Inequality is generally talked about in terms of money. But the ease or difficulty people have in taking personal responsibility for their lives is judged by whether they are able to support themselves financially and pay their bills. People talk about personal responsibility as if it’s something that everyone has an equal ability to achieve, rich or poor, vulnerable or privileged. People who walk 40 miles to work are admired because they are so rich in personal responsibility. People who refuse to work for minimum wage because they’re “better off on the dole” are reviled because they have such a paucity of it. But none of this helps people to take personal responsibility in their own lives. It’s one of those remedies that everyone prescribes while conveniently ignoring the fact that its provision is hard, painstaking and expensive.

Fetishising the idea that everyone has equal access to personal responsibility is another way of saying “there’s no such thing as society”. Which is another way of saying: “Go away, taxman. This is my money and I’m not going to squander it on stopping women and children I don’t even know from being raped.” Whatever the philosophers say, free will most commonly manifests itself as selfishness. Likewise, personal responsibility, lauded as it is, is often a denial of responsibility of anybody except oneself and one’s own family. No wonder people are so keen on this brace of reasons not to intervene.

Meanwhile, the scientists are at pains to stress that they have not found a “sex offending” gene. They say instead that some kind of combination of genetic characteristics creates a predisposition. They mention “increased impulsivity, egotism, decreased intellectual ability”; it’s easy to see how a combination of these would combine to foment disaster of one kind or another. Anyway, if your close relatives share these characteristics, it’s hard to hope that the environmental 60% of your predilection for committing sexual offences is going to be entirely exemplary.

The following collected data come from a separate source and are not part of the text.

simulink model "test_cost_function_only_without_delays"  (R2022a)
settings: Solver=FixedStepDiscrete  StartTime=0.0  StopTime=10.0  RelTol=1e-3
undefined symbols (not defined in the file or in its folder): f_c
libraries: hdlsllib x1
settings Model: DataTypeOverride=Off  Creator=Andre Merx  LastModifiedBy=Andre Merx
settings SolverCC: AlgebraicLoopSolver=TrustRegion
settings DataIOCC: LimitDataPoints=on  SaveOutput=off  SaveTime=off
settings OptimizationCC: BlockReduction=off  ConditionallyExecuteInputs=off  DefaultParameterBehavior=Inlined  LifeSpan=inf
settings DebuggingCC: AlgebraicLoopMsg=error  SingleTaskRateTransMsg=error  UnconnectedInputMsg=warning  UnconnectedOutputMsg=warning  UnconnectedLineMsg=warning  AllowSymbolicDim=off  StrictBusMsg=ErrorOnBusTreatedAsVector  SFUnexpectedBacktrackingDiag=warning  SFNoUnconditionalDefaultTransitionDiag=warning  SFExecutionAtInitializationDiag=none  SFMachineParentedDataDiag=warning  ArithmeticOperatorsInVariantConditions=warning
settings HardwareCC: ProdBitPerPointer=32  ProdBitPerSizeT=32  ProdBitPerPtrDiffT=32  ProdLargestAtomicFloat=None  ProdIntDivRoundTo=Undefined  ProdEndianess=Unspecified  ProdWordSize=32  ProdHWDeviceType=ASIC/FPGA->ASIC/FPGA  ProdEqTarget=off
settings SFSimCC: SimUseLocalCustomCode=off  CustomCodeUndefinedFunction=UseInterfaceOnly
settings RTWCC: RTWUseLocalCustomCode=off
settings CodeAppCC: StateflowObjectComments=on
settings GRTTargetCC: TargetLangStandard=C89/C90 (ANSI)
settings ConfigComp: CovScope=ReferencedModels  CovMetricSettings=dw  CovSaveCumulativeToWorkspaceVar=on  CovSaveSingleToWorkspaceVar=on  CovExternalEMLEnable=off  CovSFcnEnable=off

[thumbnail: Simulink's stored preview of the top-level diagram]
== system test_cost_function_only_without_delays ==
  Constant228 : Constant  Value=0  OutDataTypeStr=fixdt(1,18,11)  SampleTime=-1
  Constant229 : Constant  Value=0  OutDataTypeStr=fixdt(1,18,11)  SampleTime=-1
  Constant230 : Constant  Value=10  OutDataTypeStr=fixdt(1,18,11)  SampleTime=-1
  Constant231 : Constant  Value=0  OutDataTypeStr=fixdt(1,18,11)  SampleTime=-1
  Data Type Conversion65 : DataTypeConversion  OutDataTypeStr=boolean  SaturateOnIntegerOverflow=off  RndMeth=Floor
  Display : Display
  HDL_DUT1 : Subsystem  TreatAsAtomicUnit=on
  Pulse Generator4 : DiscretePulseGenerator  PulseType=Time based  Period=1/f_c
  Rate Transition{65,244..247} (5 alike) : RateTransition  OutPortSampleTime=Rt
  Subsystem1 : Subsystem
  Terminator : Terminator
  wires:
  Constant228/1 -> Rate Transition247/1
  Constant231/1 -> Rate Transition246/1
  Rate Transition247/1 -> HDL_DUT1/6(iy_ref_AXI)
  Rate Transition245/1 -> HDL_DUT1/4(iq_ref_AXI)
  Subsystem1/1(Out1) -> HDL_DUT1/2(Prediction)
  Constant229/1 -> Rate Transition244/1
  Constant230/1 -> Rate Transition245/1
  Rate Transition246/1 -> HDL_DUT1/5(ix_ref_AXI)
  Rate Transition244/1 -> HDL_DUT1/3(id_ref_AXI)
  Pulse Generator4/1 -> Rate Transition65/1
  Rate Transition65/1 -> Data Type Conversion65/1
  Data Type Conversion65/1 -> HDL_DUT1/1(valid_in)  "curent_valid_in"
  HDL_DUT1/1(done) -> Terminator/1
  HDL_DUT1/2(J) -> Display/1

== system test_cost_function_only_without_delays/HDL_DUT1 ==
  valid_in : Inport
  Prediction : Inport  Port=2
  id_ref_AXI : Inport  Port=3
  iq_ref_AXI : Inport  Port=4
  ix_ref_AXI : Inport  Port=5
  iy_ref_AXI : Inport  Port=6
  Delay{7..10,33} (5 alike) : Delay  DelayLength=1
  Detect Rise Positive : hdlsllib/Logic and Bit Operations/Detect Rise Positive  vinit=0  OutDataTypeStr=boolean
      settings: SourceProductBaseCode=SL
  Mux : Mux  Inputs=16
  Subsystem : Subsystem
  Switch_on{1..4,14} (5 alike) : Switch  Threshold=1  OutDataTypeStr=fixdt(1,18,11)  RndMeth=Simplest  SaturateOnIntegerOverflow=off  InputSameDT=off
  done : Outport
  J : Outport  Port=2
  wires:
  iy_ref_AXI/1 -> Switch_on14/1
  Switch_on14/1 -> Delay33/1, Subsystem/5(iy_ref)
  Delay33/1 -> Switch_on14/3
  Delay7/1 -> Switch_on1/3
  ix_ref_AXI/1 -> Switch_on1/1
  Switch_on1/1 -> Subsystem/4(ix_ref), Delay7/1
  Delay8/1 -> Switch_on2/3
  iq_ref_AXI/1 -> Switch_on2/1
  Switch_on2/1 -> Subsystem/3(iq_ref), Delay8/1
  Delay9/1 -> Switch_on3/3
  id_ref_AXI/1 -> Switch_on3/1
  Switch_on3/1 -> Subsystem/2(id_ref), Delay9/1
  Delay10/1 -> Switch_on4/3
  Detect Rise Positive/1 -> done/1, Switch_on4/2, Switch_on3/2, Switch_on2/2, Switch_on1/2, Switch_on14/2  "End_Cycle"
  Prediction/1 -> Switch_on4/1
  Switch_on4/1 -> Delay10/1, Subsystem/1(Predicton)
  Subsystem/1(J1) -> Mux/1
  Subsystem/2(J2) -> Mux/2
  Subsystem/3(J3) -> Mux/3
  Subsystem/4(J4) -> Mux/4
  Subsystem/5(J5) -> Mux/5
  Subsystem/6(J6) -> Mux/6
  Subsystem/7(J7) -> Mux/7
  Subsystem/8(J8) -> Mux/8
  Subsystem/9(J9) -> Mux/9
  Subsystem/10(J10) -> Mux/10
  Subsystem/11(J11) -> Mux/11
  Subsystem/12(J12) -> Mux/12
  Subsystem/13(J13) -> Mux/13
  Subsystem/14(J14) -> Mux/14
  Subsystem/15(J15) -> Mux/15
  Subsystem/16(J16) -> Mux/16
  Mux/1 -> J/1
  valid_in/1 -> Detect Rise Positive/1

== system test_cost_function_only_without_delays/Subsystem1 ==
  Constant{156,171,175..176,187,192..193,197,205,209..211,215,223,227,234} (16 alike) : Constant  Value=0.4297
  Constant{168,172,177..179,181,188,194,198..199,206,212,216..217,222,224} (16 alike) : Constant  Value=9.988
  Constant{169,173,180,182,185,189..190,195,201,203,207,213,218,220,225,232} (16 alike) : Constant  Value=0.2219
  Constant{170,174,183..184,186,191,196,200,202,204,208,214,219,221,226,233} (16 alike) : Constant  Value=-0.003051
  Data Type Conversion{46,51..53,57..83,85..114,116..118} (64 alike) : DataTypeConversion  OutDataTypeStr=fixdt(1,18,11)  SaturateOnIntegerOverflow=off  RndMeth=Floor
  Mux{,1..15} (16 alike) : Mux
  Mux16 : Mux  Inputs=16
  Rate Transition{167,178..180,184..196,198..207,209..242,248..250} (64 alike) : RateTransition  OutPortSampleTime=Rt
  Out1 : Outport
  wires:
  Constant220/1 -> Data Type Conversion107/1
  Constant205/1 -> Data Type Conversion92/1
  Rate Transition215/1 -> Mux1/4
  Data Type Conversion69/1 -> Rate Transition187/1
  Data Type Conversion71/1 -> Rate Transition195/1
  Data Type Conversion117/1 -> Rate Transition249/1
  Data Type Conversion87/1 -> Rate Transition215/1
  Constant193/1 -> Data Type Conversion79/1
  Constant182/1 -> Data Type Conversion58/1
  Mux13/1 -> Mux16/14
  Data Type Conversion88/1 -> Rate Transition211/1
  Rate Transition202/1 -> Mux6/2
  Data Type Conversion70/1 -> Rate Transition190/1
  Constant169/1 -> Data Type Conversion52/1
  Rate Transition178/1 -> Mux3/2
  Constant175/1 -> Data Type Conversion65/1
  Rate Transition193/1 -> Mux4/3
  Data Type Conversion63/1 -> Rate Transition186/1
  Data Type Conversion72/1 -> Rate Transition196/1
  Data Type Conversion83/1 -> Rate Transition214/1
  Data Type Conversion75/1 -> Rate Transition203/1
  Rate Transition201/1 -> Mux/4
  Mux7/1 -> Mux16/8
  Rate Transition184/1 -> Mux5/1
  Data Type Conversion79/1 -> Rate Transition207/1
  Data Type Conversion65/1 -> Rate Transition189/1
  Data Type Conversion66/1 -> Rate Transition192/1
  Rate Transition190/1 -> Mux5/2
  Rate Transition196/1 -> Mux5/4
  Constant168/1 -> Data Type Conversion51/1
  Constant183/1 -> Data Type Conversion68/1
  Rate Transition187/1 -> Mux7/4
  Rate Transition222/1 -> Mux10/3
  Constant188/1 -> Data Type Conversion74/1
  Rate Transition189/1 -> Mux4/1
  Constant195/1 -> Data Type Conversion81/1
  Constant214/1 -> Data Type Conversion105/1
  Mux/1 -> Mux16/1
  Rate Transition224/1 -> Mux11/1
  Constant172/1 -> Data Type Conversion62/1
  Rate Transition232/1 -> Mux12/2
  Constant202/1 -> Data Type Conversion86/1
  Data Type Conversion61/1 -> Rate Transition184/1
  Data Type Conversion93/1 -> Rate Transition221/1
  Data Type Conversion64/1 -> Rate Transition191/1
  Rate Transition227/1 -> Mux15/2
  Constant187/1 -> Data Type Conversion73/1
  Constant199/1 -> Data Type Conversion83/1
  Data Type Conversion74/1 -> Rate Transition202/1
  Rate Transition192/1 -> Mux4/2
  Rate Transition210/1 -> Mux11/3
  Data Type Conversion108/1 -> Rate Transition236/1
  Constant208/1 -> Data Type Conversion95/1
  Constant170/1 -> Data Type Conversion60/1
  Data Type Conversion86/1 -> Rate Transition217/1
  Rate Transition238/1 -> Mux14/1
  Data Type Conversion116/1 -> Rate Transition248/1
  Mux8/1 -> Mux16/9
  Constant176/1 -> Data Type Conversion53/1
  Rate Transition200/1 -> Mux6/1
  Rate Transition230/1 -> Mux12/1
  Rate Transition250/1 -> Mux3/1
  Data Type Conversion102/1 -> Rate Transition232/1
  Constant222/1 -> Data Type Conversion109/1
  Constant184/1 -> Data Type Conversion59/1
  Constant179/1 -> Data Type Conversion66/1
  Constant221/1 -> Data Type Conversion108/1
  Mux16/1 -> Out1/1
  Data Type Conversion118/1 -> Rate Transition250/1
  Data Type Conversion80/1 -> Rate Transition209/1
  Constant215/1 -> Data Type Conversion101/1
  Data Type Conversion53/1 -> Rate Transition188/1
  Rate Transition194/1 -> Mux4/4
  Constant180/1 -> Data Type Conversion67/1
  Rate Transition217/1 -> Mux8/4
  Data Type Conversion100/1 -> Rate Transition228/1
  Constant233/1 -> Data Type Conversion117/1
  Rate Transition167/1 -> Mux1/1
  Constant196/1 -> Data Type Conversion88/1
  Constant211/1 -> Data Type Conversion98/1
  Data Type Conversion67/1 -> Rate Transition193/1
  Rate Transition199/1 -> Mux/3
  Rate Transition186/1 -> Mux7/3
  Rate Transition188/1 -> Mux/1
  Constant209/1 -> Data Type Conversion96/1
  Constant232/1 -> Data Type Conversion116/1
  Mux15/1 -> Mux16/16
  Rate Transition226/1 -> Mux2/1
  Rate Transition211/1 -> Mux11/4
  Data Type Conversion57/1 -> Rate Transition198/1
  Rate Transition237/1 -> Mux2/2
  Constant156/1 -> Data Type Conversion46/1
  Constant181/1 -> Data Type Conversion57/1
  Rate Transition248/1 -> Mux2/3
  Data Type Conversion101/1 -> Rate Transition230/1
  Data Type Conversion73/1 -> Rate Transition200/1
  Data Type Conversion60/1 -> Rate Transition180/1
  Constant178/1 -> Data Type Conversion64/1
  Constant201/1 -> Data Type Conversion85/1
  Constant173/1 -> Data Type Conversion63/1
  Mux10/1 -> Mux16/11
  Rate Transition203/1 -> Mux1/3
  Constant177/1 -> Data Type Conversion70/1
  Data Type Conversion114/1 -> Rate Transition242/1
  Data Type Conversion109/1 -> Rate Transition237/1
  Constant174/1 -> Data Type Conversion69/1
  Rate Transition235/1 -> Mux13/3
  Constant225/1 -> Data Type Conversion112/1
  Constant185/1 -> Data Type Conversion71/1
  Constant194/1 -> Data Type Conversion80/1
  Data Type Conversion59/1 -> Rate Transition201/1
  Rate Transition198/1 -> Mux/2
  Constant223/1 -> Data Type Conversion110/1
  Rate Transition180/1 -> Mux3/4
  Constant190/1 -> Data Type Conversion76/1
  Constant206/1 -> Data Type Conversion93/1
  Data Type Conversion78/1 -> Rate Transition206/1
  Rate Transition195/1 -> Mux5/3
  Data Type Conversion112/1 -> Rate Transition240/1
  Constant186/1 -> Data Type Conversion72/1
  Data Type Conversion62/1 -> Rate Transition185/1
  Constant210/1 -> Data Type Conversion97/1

Clearly, someone from a family displaying these characteristics would need more help in achieving personal responsibility and more help in curbing their desire to do as they please. Our society, with its endless funding shortfalls, and its insistence on low wages for the unskilled, is instead organised so that the people likely to get the least help are generally the ones who need it most. While everyone is able to exercise their free will to insist that this is not their personal responsibility, it isn’t going to change. It’s charming, the idea that we’re all born equal. But it’s really one of those notions than ensures that inequality keeps on growing.